Activity |
Which lines below contain "note"? Copy every one of them.

(Stored items from a collection)
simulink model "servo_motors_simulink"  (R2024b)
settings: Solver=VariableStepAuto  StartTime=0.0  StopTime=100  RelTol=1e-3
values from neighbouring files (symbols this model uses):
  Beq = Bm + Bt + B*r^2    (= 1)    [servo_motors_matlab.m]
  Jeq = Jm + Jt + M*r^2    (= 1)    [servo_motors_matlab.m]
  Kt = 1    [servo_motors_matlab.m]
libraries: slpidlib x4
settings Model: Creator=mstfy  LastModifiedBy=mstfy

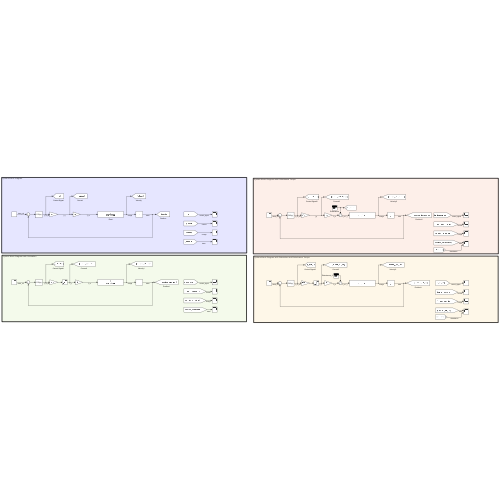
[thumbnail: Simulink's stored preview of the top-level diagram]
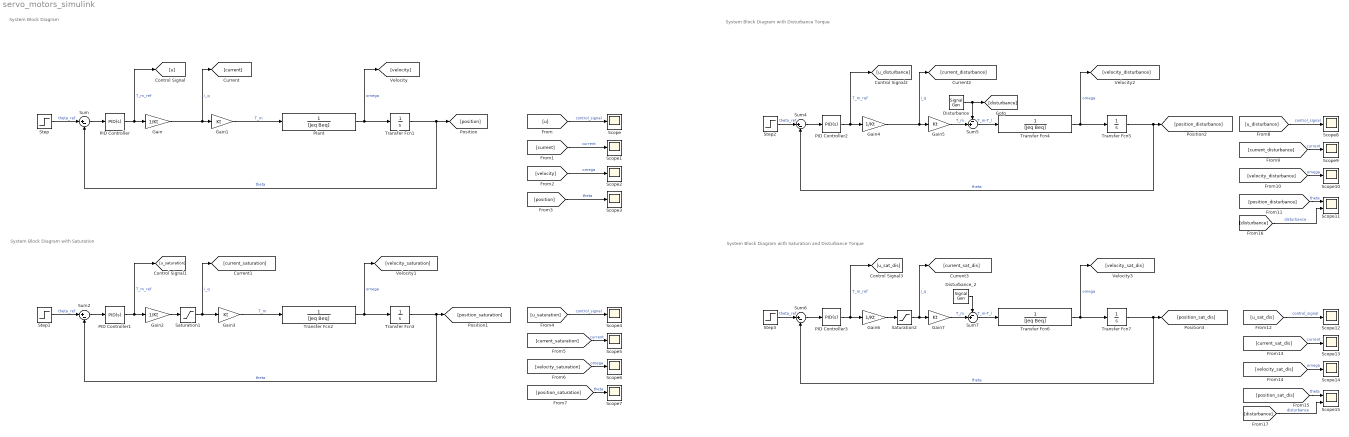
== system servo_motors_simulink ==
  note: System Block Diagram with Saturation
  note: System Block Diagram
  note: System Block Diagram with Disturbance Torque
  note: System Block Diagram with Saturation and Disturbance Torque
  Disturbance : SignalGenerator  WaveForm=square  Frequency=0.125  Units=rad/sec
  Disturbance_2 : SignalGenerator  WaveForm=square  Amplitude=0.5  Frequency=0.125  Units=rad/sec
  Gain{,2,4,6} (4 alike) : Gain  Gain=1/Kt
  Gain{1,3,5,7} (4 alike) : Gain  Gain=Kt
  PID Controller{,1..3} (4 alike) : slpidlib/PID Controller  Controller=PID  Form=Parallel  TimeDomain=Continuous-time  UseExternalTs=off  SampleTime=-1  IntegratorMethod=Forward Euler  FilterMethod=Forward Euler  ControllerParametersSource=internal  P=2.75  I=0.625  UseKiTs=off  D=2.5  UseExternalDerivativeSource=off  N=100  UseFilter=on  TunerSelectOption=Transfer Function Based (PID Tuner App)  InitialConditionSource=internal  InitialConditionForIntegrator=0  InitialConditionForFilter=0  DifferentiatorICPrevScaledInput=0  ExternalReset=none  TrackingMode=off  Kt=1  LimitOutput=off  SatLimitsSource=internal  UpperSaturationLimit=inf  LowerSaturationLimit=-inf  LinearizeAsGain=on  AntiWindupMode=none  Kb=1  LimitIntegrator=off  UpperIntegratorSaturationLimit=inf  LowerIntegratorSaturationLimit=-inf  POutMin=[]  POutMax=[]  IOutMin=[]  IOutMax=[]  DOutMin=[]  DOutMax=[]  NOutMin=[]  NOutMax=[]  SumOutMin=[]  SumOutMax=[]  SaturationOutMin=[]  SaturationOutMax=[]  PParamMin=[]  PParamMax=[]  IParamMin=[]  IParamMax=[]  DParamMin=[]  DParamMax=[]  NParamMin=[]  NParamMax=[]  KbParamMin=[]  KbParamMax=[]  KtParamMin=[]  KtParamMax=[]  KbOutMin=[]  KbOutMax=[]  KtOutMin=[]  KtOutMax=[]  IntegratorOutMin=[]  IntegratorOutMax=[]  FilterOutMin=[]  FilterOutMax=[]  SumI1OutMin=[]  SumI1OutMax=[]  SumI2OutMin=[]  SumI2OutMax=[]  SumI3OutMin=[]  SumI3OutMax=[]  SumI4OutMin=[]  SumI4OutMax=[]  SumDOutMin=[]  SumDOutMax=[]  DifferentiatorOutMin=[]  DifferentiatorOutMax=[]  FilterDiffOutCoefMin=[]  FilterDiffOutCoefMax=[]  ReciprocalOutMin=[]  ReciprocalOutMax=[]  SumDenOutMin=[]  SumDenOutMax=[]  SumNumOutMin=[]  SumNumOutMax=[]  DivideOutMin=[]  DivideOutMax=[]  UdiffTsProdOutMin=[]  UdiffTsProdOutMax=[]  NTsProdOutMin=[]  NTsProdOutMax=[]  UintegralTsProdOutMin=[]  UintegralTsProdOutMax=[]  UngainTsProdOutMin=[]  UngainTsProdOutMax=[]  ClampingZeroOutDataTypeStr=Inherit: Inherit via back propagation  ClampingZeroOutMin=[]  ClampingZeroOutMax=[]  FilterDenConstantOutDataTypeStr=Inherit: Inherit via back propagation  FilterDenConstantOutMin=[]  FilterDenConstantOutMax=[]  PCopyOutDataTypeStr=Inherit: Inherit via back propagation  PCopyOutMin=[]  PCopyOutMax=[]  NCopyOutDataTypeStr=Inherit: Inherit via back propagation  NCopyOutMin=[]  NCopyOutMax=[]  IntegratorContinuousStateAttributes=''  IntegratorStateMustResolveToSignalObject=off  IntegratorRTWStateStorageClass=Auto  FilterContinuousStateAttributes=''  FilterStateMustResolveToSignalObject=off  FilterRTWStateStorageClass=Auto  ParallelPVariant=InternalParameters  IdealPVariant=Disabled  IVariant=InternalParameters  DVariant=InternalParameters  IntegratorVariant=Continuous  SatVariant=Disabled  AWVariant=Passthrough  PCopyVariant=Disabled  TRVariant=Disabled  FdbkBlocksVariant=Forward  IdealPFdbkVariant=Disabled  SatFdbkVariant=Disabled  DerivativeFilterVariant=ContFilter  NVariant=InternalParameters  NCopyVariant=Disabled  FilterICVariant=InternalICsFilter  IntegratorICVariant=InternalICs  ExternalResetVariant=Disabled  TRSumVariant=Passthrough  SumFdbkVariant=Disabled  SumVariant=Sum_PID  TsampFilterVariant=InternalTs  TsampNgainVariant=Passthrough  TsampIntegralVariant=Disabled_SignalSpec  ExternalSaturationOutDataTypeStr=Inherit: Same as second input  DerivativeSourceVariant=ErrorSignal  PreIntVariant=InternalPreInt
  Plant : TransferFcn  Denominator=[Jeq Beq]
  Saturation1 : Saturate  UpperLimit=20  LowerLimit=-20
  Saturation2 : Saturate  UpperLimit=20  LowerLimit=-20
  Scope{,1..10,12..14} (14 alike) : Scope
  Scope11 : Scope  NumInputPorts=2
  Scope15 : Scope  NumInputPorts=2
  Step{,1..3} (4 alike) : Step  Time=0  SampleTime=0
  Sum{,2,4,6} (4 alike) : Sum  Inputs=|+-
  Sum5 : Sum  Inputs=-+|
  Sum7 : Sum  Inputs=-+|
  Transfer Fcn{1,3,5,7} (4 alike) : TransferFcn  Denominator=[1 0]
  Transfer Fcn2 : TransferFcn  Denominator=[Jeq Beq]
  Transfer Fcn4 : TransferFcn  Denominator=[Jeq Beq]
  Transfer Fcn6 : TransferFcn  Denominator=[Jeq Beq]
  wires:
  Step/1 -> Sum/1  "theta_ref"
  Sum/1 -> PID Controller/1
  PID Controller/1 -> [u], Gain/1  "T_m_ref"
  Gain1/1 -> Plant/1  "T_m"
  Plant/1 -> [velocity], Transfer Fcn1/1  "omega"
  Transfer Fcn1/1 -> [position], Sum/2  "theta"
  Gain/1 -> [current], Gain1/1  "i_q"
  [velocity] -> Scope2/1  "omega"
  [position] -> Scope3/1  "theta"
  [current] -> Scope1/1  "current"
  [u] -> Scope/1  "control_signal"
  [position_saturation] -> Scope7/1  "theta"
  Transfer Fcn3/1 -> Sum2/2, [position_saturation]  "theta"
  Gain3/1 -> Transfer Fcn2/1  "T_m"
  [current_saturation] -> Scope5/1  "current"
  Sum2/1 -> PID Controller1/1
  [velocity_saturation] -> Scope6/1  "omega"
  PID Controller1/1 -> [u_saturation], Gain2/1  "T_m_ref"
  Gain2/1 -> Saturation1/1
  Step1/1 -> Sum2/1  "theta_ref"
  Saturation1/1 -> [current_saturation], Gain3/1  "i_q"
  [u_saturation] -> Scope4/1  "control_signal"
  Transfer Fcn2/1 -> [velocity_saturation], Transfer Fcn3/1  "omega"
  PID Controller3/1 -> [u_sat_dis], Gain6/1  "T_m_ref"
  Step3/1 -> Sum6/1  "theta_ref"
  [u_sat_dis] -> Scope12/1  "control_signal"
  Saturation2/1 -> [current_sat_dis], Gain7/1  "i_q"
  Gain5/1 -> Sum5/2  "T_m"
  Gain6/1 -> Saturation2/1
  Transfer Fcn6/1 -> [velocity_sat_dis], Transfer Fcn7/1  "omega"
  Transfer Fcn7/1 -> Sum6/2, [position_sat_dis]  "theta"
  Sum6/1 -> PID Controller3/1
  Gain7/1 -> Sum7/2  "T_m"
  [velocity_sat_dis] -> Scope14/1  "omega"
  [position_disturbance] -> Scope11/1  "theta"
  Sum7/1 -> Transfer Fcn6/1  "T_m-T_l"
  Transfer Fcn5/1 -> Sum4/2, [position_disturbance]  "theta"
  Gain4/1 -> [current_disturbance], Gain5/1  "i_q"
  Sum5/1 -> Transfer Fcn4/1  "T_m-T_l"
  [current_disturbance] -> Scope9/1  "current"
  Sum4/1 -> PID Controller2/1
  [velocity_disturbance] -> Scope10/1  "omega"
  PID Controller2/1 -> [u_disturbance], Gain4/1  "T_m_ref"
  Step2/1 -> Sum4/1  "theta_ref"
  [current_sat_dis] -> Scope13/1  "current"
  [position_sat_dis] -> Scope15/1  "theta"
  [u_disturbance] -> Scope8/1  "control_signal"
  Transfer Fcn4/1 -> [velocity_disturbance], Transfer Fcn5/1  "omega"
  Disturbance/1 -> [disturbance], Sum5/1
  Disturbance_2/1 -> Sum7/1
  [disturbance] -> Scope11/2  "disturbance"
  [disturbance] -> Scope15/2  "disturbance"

Problem solution |
  note: System Block Diagram with Saturation
  note: System Block Diagram
  note: System Block Diagram with Disturbance Torque
  note: System Block Diagram with Saturation and Disturbance Torque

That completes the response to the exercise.